CW: The eye advice was not good.
MR: Yeah. If you look closely at some scenes in Diner, my eyes look like Dracula’s. But the DP got me to stop that, and I was a little pissed off because I’m thinking, My God, if Christopher Walken tells you to do your own eyes, then you’d better fucking do your own eyes.
CW: This was my mistake. I’m sorry. So you’re living back in New York now?
MR: I lived in London and in Paris for a while. In London, I’ve been staying at the same hotel for, you know, 20 years. In the same room.
CW: I’m always looking the wrong way there when I cross the street. But you like it back in New York?
MR: I love it. This is where you and I met. This is where it all started. It kind of all started for me in the West Village, and it’s probably where it will all end for me.
CW: I spent so much time there that I like being out of it.
MR: Are you living out in Connecticut still?
CW: Yeah. If you’re ever taking a drive, come see me.
MR: I remember many, many years ago, I was at your house. We were with that guy, Lenny, and he was looking for a bottle of wine or something, and he looked in your cabinet, and he found your Academy Award mixed in with the booze.

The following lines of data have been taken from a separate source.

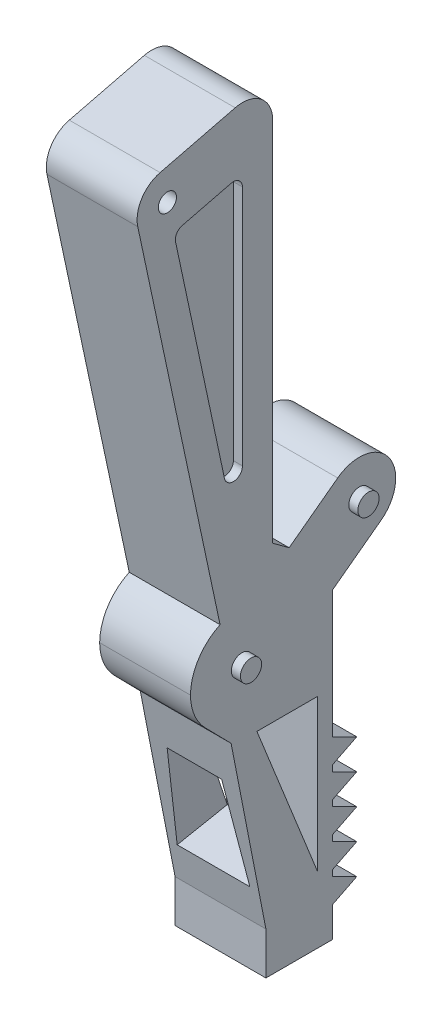
from build123d import *

# Parameters (mm, degrees)
BOSS_EXTRUDE1_DEPTH = 7.5
BOSS_EXTRUDE2_DEPTH = 15
LPATTERN1_COUNT     = 5
LPATTERN1_PITCH     = 5
CUT_EXTRUDE1_DEPTH  = 132.304814948
FILLET1_R           = 8.5
FILLET2_R           = 5
SKETCH4_R           = 1.5
CUT_EXTRUDE2_DEPTH  = 130.82329799
CUT_EXTRUDE3_REACH  = 131.114
SKETCH6_R           = 1.75
BOSS_EXTRUDE3_DEPTH = 1.5
SKETCH7_R           = 1.75
BOSS_EXTRUDE4_DEPTH = 1.5
CUT_EXTRUDE4_DEPTH  = 1.5


with BuildPart() as part:
    # Sketch1 → Boss-Extrude1 (new, symmetric)
    with BuildSketch(Plane(origin=(0, 0, 0), x_dir=(0, 0, -1), z_dir=(1, 0, 0))):
        with BuildLine():
            Line((1.125844004, 128.547240234), (-22.171185278, 122.781095368))
            Line((-22.171185278, 122.781095368), (-7.570249068, 54.320795472))
            Line((-7.570249068, 54.320795472), (-12.460270489, 53.277871457))
            Line((-12.460270489, 53.277871457), (-12.460270489, 43.277871457))
            Line((-12.460270489, 43.277871457), (-5.749067667, 36.443984461))
            Line((-5.749067667, 36.443984461), (0, 7))
            Line((0, 7), (0, 0))
            Line((0, 0), (11, 0))
            Line((11, 0), (11, 50))
            Line((11, 50), (19.022755483, 55.969538882))
            ThreePointArc((19.022755483, 55.969538882), (20.254685443, 64.364915501), (11.859308824, 65.596845461))
            Line((11.859308824, 65.596845461), (3.836553342, 59.627306579))
            Line((3.836553342, 59.627306579), (1.125844004, 61.629450689))
            Line((1.125844004, 61.629450689), (1.125844004, 128.547240234))
        make_face()
    extrude(amount=BOSS_EXTRUDE1_DEPTH, both=True)

    # Sketch2 → Boss-Extrude2 (add)
    with BuildSketch(Plane(origin=(7.5, 0, 0), x_dir=(0, 0, -1), z_dir=(1, 0, 0))):
        Polygon((11, 5), (15, 7), (11, 9), align=None)
    boss_extrude2 = extrude(amount=-BOSS_EXTRUDE2_DEPTH)

    # LPattern1: Boss-Extrude2 ×5
    with Locations(*[(0, i * LPATTERN1_PITCH, 0) for i in range(1, LPATTERN1_COUNT)]):
        add(boss_extrude2)

    # Sketch3 → Cut-Extrude1 (cut, through all)
    with BuildSketch(Plane(origin=(7.5, 0, 0), x_dir=(0, 0, -1), z_dir=(1, 0, 0))):
        Polygon((8.514249155, 11.015619925), (8.514249155, 36.015619925), (-1.485750845, 36.015619925), align=None)
    extrude(amount=-CUT_EXTRUDE1_DEPTH, mode=Mode.SUBTRACT)

    # Fillet1
    # the kernel refuses this fillet: 8.5 mm, written as the material it takes off along each edge
    with BuildSketch(Plane(origin=(-16.189504631, 43.277871457, 12.460270489), x_dir=(0, 1, 0), z_dir=(1, 0, 0))) as fillet1_piece_1:
        with BuildLine():
            CenterArc((FILLET1_R * 0.408917864968, -FILLET1_R), FILLET1_R, 90, 44.481059687)
            Line((-FILLET1_R * 0.29175558125, -FILLET1_R * 0.286517889667), (-FILLET1_R * 0.305769050174, -FILLET1_R * 0.27224824746))
            Line((-FILLET1_R * 0.305769050174, -FILLET1_R * 0.27224824746), (-FILLET1_R * 0.00817835729936, FILLET1_R * 0.02))
            Line((-FILLET1_R * 0.00817835729936, FILLET1_R * 0.02), (FILLET1_R * 0.408917864968, FILLET1_R * 0.02))
            Line((FILLET1_R * 0.408917864968, FILLET1_R * 0.02), (FILLET1_R * 0.408917864968, 0))
        make_face()
    extrude(amount=32.379009261, mode=Mode.SUBTRACT)
    with BuildSketch(Plane(origin=(-24.131006979, 53.277871457, 12.460270489), x_dir=(0, 0.20858480299843193, -0.9780042842227765), z_dir=(1, 0, 0))) as fillet1_piece_2:
        with BuildLine():
            CenterArc((6.92544629, -8.279049256), FILLET1_R, 103.092457682, 64.868111345)
            Line((-1.387590126, -6.506078431), (-1.553850854, -6.470619014))
            Line((-1.553850854, -6.470619014), (-0.166260728, 0.035459417))
            Line((-0.166260728, 0.035459417), (0, 0.17))
            ThreePointArc((0, 0.17), (2.5, 0.17), (4.961491074, 0.165580985))
            Line((4.961491074, 0.165580985), (5, 0))
        make_face()
    extrude(amount=48.262013958, mode=Mode.SUBTRACT)

    # Fillet2
    fillet2_edges = [part.edges().sort_by_distance(p)[0] for p in [
        (0, 122.781095368, 22.171185278),
        (0, 128.547240234, -1.125844004),
    ]]
    fillet(fillet2_edges, radius=FILLET2_R)

    # Sketch4 → Cut-Extrude2 (cut, through all)
    with BuildSketch(Plane(origin=(7.5, 0, 0), x_dir=(0, 0, -1), z_dir=(1, 0, 0))):
        with Locations((-16.271597688, 119.090404926)):
            Circle(SKETCH4_R)
    extrude(amount=-CUT_EXTRUDE2_DEPTH, mode=Mode.SUBTRACT)

    # Cut-Extrude3: up to this plane
    cut_extrude3_end = Plane(origin=(-7.5, 36.015619925, 1.485750845), z_dir=(0, -0.3713906763541038, 0.9284766908852593))
    # Sketch5 → Cut-Extrude3 (cut, up to the surface)
    with BuildSketch(Plane(origin=(0, 0.257069393, -1.316586904), x_dir=(1, 0, 0), z_dir=(0, -0.19163558890630344, 0.9814661487104557)), mode=Mode.PRIVATE) as cut_extrude3_sk1:
        Polygon((4.5, 29.370263041), (-4.5, 29.370263041), (-6, 12.858555839), (6, 12.858555839), align=None)
    cut_extrude3_tool1 = split(extrude(cut_extrude3_sk1.sketch, amount=-CUT_EXTRUDE3_REACH, mode=Mode.PRIVATE), bisect_by=cut_extrude3_end, keep=Keep.BOTH, mode=Mode.PRIVATE)
    add(cut_extrude3_tool1.solids().sort_by_distance((0, 20.594298, 2.654347))[0], mode=Mode.SUBTRACT)

    # Sketch6 → Boss-Extrude3 (add)
    with BuildSketch(Plane(origin=(7.5, 0, 0), x_dir=(0, 0, -1), z_dir=(1, 0, 0))):
        with Locations(Location((15.441032154, 60.783192172, 0), (0, 0, 180))):
            Circle(SKETCH6_R)
    boss_extrude3 = extrude(amount=BOSS_EXTRUDE3_DEPTH)

    # Sketch7 → Boss-Extrude4 (add)
    with BuildSketch(Plane(origin=(7.5, 0, 0), x_dir=(0, 0, -1), z_dir=(1, 0, 0))):
        with Locations(Location((-3.960270489, 46.753673309, 0), (0, 0, 180))):
            Circle(SKETCH7_R)
    boss_extrude4 = extrude(amount=BOSS_EXTRUDE4_DEPTH)

    # Sketch8 → Cut-Extrude4 (cut)
    with BuildSketch(Plane(origin=(7.5, 0, 0), x_dir=(0, 0, -1), z_dir=(1, 0, 0))):
        with BuildLine():
            Line((-14.925252721, 112.777715187), (-6.841162422, 74.873348079))
            ThreePointArc((-6.841162422, 74.873348079), (-5.216849988, 73.694496481), (-3.874155996, 75.186225283))
            Line((-3.874155996, 75.186225283), (-3.874155996, 115.091449891))
            ThreePointArc((-3.874155996, 115.091449891), (-4.449649663, 116.272673004), (-5.73454005, 116.547514222))
            Line((-5.73454005, 116.547514222), (-13.818630348, 114.546656721))
            ThreePointArc((-13.818630348, 114.546656721), (-14.729909587, 113.886125212), (-14.925252721, 112.777715187))
        make_face()
    cut_extrude4 = extrude(amount=-CUT_EXTRUDE4_DEPTH, mode=Mode.SUBTRACT)

    # Mirror1: Boss-Extrude3, Boss-Extrude4, Cut-Extrude4 across plane
    add(boss_extrude3.mirror(Plane(origin=(0, 0, 0), x_dir=(0, 0, 1), z_dir=(1, 0, 0))))
    add(boss_extrude4.mirror(Plane(origin=(0, 0, 0), x_dir=(0, 0, 1), z_dir=(1, 0, 0))))
    add(cut_extrude4.mirror(Plane(origin=(0, 0, 0), x_dir=(0, 0, 1), z_dir=(1, 0, 0))), mode=Mode.SUBTRACT)


solid = part.part

CW: Well, I’ve got this little room now where I keep all sorts of those things. But I remember, yes, I had just had all this gravel put down, and we were -standing outside, and you said to me, “Good gravel.”
MR: You did have an awful lot of gravel in the front yard. Have you been back to the Actors Studio at all?
CW: Hardly. Though about a week or two ago I was in the neighborhood, and I just dropped in. It’s good, because it’s sort of the same, except it’s got fresh paint on it. It was on an off day, and there was nobody there. The place was clean and painted. But it still looks the same.
MR: We had some characters there back in the day.
CW: We did. It was funkier.
MR: It was like One Flew Over the Cuckoo’s Nest.
CW: A little bit. Remember the director sessions, where they used to attack each other?
MR: Yes. It depended on who was moderating. When Shelley Winters moderated, I usually went out and smoked a cigarette. She had that screechy, kind of nails-on-the-chalkboard voice.
CW: Listen, it was a great place to meet girls.
MR: Yeah, well, I never saw you with any.
CW: Well, I used to follow them out.
MR: I just used to follow Al Pacino and you out. And Harvey Keitel. I didn’t give a fuck about the girls. I just wanted to see which way you guys were going.
CW: So you’re going to be busy for the next while.
MR: Yeah. You went through this, right?
CW: Well, it’s a wonderful thing. You made something really beautiful, and maybe that’s even more important than awards. Thirty years later, you’re one of the top actors doing important work, and that’s very powerful. You know, there’s an old saying: “Nothing happens ’til it must.” I like that.
MR: Let me ask you one question.
CW: Yeah.
MR: Where did the dinosaurs go?
CW: They’re sitting in the tree outside.